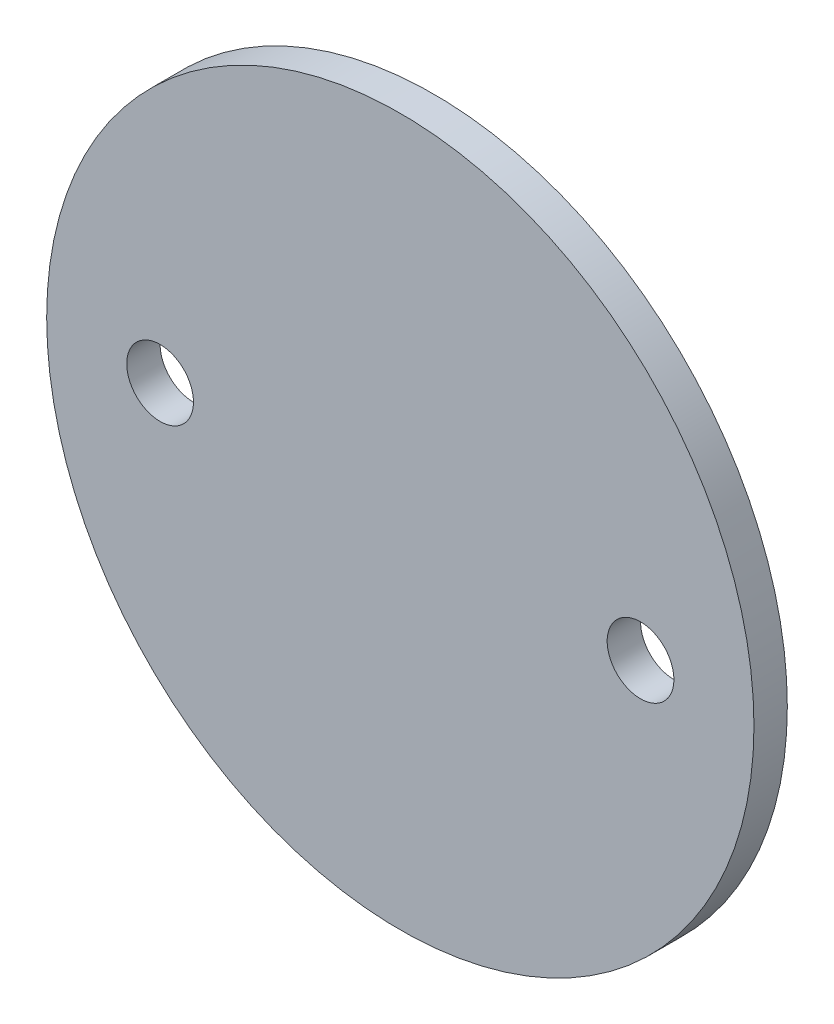
from build123d import *

# Parameters (mm, degrees)
SKETCH1_R           = 26.5
SKETCH1_R_2         = 2.5
BOSS_EXTRUDE1_DEPTH = 2.5


with BuildPart() as part:
    # Sketch1 → Boss-Extrude1 (new body)
    with BuildSketch(Plane.XY):
        Circle(SKETCH1_R)
        with Locations((18, 0)):
            Circle(SKETCH1_R_2, mode=Mode.SUBTRACT)
        with Locations((-18, 0)):
            Circle(SKETCH1_R_2, mode=Mode.SUBTRACT)
    extrude(amount=BOSS_EXTRUDE1_DEPTH)


solid = part.part

★ ★ ★ ★ ★ ★ ★

WORK REQUIRED - Leaving the images out, print the records above exactly.

REPLY TO THE TASK -
from build123d import *

# Parameters (mm, degrees)
SKETCH1_R           = 26.5
SKETCH1_R_2         = 2.5
BOSS_EXTRUDE1_DEPTH = 2.5


with BuildPart() as part:
    # Sketch1 → Boss-Extrude1 (new body)
    with BuildSketch(Plane.XY):
        Circle(SKETCH1_R)
        with Locations((18, 0)):
            Circle(SKETCH1_R_2, mode=Mode.SUBTRACT)
        with Locations((-18, 0)):
            Circle(SKETCH1_R_2, mode=Mode.SUBTRACT)
    extrude(amount=BOSS_EXTRUDE1_DEPTH)


solid = part.part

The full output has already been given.